**WORK REQUIRED:** Start at the line below containing "#102=VERTEX_POINT('',#101);" and stop at the line containing "#122=VECTOR('',#121,1.);". Repeat every line of that stretch exactly, and nothing outside it.

━━ INFORMATION SHOWN ━━

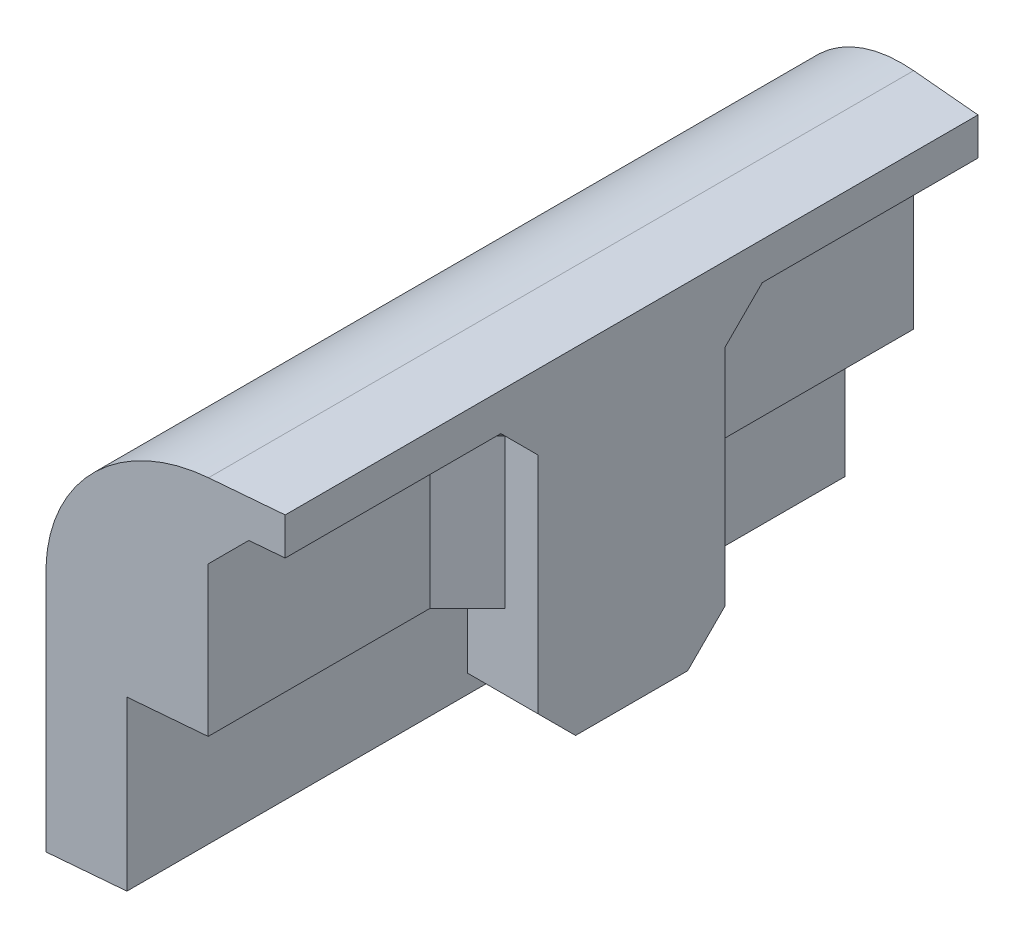
ISO-10303-21;
HEADER;
FILE_DESCRIPTION(('STEP AP214'),'2;1');
FILE_NAME('part.step','',(''),(''),'','','');
FILE_SCHEMA(('AUTOMOTIVE_DESIGN { 1 0 10303 214 1 1 1 1 }'));
ENDSEC;
DATA;
#1=APPLICATION_CONTEXT('core data for automotive mechanical design processes');
#2=APPLICATION_PROTOCOL_DEFINITION('international standard','automotive_design',2000,#1);
#3=PRODUCT_CONTEXT('',#1,'mechanical');
#4=PRODUCT('Part','Part','',(#3));
#5=PRODUCT_RELATED_PRODUCT_CATEGORY('part','',(#4));
#6=PRODUCT_DEFINITION_FORMATION('','',#4);
#7=PRODUCT_DEFINITION_CONTEXT('part definition',#1,'design');
#8=PRODUCT_DEFINITION('design','',#6,#7);
#9=PRODUCT_DEFINITION_SHAPE('','',#8);
#10=(LENGTH_UNIT() NAMED_UNIT(*) SI_UNIT(.MILLI.,.METRE.));
#11=(NAMED_UNIT(*) PLANE_ANGLE_UNIT() SI_UNIT($,.RADIAN.));
#12=(NAMED_UNIT(*) SI_UNIT($,.STERADIAN.) SOLID_ANGLE_UNIT());
#13=UNCERTAINTY_MEASURE_WITH_UNIT(LENGTH_MEASURE(1.E-05),#10,'distance_accuracy_value','');
#14=(GEOMETRIC_REPRESENTATION_CONTEXT(3) GLOBAL_UNCERTAINTY_ASSIGNED_CONTEXT((#13)) GLOBAL_UNIT_ASSIGNED_CONTEXT((#10,
#11,#12)) REPRESENTATION_CONTEXT('',''));
#15=CARTESIAN_POINT('',(0.,0.,0.));
#16=DIRECTION('',(0.,0.,1.));
#17=DIRECTION('',(1.,0.,0.));
#18=AXIS2_PLACEMENT_3D('',#15,#16,#17);
#19=CARTESIAN_POINT('',(-301.612263913905,87.8585951480168,-137.105018087838));
#20=DIRECTION('',(0.,-1.,0.));
#21=DIRECTION('',(0.,0.,-1.));
#22=AXIS2_PLACEMENT_3D('',#19,#20,#21);
#23=PLANE('',#22);
#24=DIRECTION('',(0.,0.,-1.));
#25=VECTOR('',#24,1.);
#26=CARTESIAN_POINT('',(-295.262263913905,87.8585951480168,15.875));
#27=LINE('',#26,#25);
#28=CARTESIAN_POINT('',(-295.262263913905,87.8585951480168,59.3791114816161));
#29=VERTEX_POINT('',#28);
#30=CARTESIAN_POINT('',(-295.262263913905,87.8585951480168,22.225));
#31=VERTEX_POINT('',#30);
#32=EDGE_CURVE('E283',#29,#31,#27,.T.);
#33=ORIENTED_EDGE('',*,*,#32,.T.);
#34=DIRECTION('',(1.,0.,0.));
#35=VECTOR('',#34,1.);
#36=CARTESIAN_POINT('',(-301.612263913905,87.8585951480168,22.225));
#37=LINE('',#36,#35);
#38=CARTESIAN_POINT('',(-289.576764759634,87.8585951480168,22.225));
#39=VERTEX_POINT('',#38);
#40=EDGE_CURVE('E285',#31,#39,#37,.T.);
#41=ORIENTED_EDGE('',*,*,#40,.T.);
#42=DIRECTION('',(0.,0.,1.));
#43=VECTOR('',#42,1.);
#44=CARTESIAN_POINT('',(-289.576764759634,87.8585951480168,-137.105018087838));
#45=LINE('',#44,#43);
#46=CARTESIAN_POINT('',(-289.576764759634,87.8585951480168,58.8816947591312));
#47=VERTEX_POINT('',#46);
#48=EDGE_CURVE('E242',#39,#47,#45,.T.);
#49=ORIENTED_EDGE('',*,*,#48,.T.);
#50=DIRECTION('',(-0.996194698091746,0.,0.0871557427476582));
#51=VECTOR('',#50,1.);
#52=CARTESIAN_POINT('',(-308.312509549559,87.8585951480168,60.5208600309645));
#53=LINE('',#52,#51);
#54=EDGE_CURVE('E234',#47,#29,#53,.T.);
#55=ORIENTED_EDGE('',*,*,#54,.T.);
#56=EDGE_LOOP('',(#33,#41,#49,#55));
#57=FACE_BOUND('',#56,.T.);
#58=ADVANCED_FACE('F35',(#57),#23,.T.);
#59=CARTESIAN_POINT('',(-289.576764759634,87.8585951480168,-58.8816947591312));
#60=VERTEX_POINT('',#59);
#61=CARTESIAN_POINT('',(-289.576764759634,87.8585951480168,-22.225));
#62=VERTEX_POINT('',#61);
#63=EDGE_CURVE('E238',#60,#62,#45,.T.);
#64=ORIENTED_EDGE('',*,*,#63,.T.);
#65=DIRECTION('',(-1.,0.,0.));
#66=VECTOR('',#65,1.);
#67=CARTESIAN_POINT('',(-301.612263913905,87.8585951480168,-22.225));
#68=LINE('',#67,#66);
#69=CARTESIAN_POINT('',(-295.262263913905,87.8585951480168,-22.225));
#70=VERTEX_POINT('',#69);
#71=EDGE_CURVE('E293',#62,#70,#68,.T.);
#72=ORIENTED_EDGE('',*,*,#71,.T.);
#73=DIRECTION('',(0.,0.,-1.));
#74=VECTOR('',#73,1.);
#75=CARTESIAN_POINT('',(-295.262263913905,87.8585951480168,-59.9346644950057));
#76=LINE('',#75,#74);
#77=CARTESIAN_POINT('',(-295.262263913905,87.8585951480168,-59.3791114816161));
#78=VERTEX_POINT('',#77);
#79=EDGE_CURVE('E291',#70,#78,#76,.T.);
#80=ORIENTED_EDGE('',*,*,#79,.T.);
#81=DIRECTION('',(-0.996194698091746,0.,-0.0871557427476582));
#82=VECTOR('',#81,1.);
#83=CARTESIAN_POINT('',(-308.312509549559,87.8585951480168,-60.5208600309645));
#84=LINE('',#83,#82);
#85=EDGE_CURVE('E270',#60,#78,#84,.T.);
#86=ORIENTED_EDGE('',*,*,#85,.F.);
#87=EDGE_LOOP('',(#64,#72,#80,#86));
#88=FACE_BOUND('',#87,.T.);
#89=ADVANCED_FACE('F355',(#88),#23,.T.);
#90=CARTESIAN_POINT('',(-301.612263913905,56.1085951480168,-137.105018087838));
#91=DIRECTION('',(1.,0.,0.));
#92=DIRECTION('',(0.,0.,-1.));
#93=AXIS2_PLACEMENT_3D('',#90,#91,#92);
#94=PLANE('',#93);
#95=DIRECTION('',(0.,1.,0.));
#96=VECTOR('',#95,1.);
#97=CARTESIAN_POINT('',(-301.612263913905,56.1085951480168,22.225));
#98=LINE('',#97,#96);
#99=CARTESIAN_POINT('',(-301.612263913905,56.1085951480168,22.225));
#100=VERTEX_POINT('',#99);
#101=CARTESIAN_POINT('',(-301.612263913905,81.5085951480168,22.225));
#102=VERTEX_POINT('',#101);
#103=EDGE_CURVE('E287',#100,#102,#98,.T.);
#104=ORIENTED_EDGE('',*,*,#103,.T.);
#105=DIRECTION('',(0.,0.,1.));
#106=VECTOR('',#105,1.);
#107=CARTESIAN_POINT('',(-301.612263913905,81.5085951480168,59.9346644950057));
#108=LINE('',#107,#106);
#109=CARTESIAN_POINT('',(-301.612263913905,81.5085951480168,59.9346644950057));
#110=VERTEX_POINT('',#109);
#111=EDGE_CURVE('E289',#102,#110,#108,.T.);
#112=ORIENTED_EDGE('',*,*,#111,.T.);
#113=DIRECTION('',(0.,-1.,0.));
#114=VECTOR('',#113,1.);
#115=CARTESIAN_POINT('',(-301.612263913905,56.1085951480168,59.9346644950057));
#116=LINE('',#115,#114);
#117=CARTESIAN_POINT('',(-301.612263913905,56.1085951480168,59.9346644950057));
#118=VERTEX_POINT('',#117);
#119=EDGE_CURVE('E232',#110,#118,#116,.T.);
#120=ORIENTED_EDGE('',*,*,#119,.T.);
#121=DIRECTION('',(0.,0.,1.));
#122=VECTOR('',#121,1.);
#123=CARTESIAN_POINT('',(-301.612263913905,56.1085951480168,-137.105018087838));
#124=LINE('',#123,#122);
#125=EDGE_CURVE('E247',#100,#118,#124,.T.);
#126=ORIENTED_EDGE('',*,*,#125,.F.);
#127=EDGE_LOOP('',(#104,#112,#120,#126));
#128=FACE_BOUND('',#127,.T.);
#129=ADVANCED_FACE('F408',(#128),#94,.T.);
#130=DIRECTION('',(0.,0.,1.));
#131=VECTOR('',#130,1.);
#132=CARTESIAN_POINT('',(-301.612263913905,81.5085951480167,-15.875));
#133=LINE('',#132,#131);
#134=CARTESIAN_POINT('',(-301.612263913905,81.5085951480167,-59.9346644950057));
#135=VERTEX_POINT('',#134);
#136=CARTESIAN_POINT('',(-301.612263913905,81.5085951480167,-22.2250000000001));
#137=VERTEX_POINT('',#136);
#138=EDGE_CURVE('E304',#135,#137,#133,.T.);
#139=ORIENTED_EDGE('',*,*,#138,.T.);
#140=DIRECTION('',(0.,-1.,0.));
#141=VECTOR('',#140,1.);
#142=CARTESIAN_POINT('',(-301.612263913905,56.1085951480168,-22.2250000000001));
#143=LINE('',#142,#141);
#144=CARTESIAN_POINT('',(-301.612263913905,56.1085951480168,-22.2250000000001));
#145=VERTEX_POINT('',#144);
#146=EDGE_CURVE('E306',#137,#145,#143,.T.);
#147=ORIENTED_EDGE('',*,*,#146,.T.);
#148=CARTESIAN_POINT('',(-301.612263913905,56.1085951480168,-59.9346644950057));
#149=VERTEX_POINT('',#148);
#150=EDGE_CURVE('E243',#149,#145,#124,.T.);
#151=ORIENTED_EDGE('',*,*,#150,.F.);
#152=DIRECTION('',(0.,-1.,0.));
#153=VECTOR('',#152,1.);
#154=CARTESIAN_POINT('',(-301.612263913905,56.1085951480168,-59.9346644950057));
#155=LINE('',#154,#153);
#156=EDGE_CURVE('E268',#135,#149,#155,.T.);
#157=ORIENTED_EDGE('',*,*,#156,.F.);
#158=EDGE_LOOP('',(#139,#147,#151,#157));
#159=FACE_BOUND('',#158,.T.);
#160=ADVANCED_FACE('F415',(#159),#94,.T.);
#161=CARTESIAN_POINT('',(-289.576764759634,87.8585951480168,-137.105018087838));
#162=DIRECTION('',(1.,0.,0.));
#163=DIRECTION('',(0.,0.,-1.));
#164=AXIS2_PLACEMENT_3D('',#161,#162,#163);
#165=PLANE('',#164);
#166=DIRECTION('',(0.,0.,-1.));
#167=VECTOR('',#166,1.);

━━━

**OUTPUT FOR THIS EXERCISE:**
#102=VERTEX_POINT('',#101);
#103=EDGE_CURVE('E287',#100,#102,#98,.T.);
#104=ORIENTED_EDGE('',*,*,#103,.T.);
#105=DIRECTION('',(0.,0.,1.));
#106=VECTOR('',#105,1.);
#107=CARTESIAN_POINT('',(-301.612263913905,81.5085951480168,59.9346644950057));
#108=LINE('',#107,#106);
#109=CARTESIAN_POINT('',(-301.612263913905,81.5085951480168,59.9346644950057));
#110=VERTEX_POINT('',#109);
#111=EDGE_CURVE('E289',#102,#110,#108,.T.);
#112=ORIENTED_EDGE('',*,*,#111,.T.);
#113=DIRECTION('',(0.,-1.,0.));
#114=VECTOR('',#113,1.);
#115=CARTESIAN_POINT('',(-301.612263913905,56.1085951480168,59.9346644950057));
#116=LINE('',#115,#114);
#117=CARTESIAN_POINT('',(-301.612263913905,56.1085951480168,59.9346644950057));
#118=VERTEX_POINT('',#117);
#119=EDGE_CURVE('E232',#110,#118,#116,.T.);
#120=ORIENTED_EDGE('',*,*,#119,.T.);
#121=DIRECTION('',(0.,0.,1.));
#122=VECTOR('',#121,1.);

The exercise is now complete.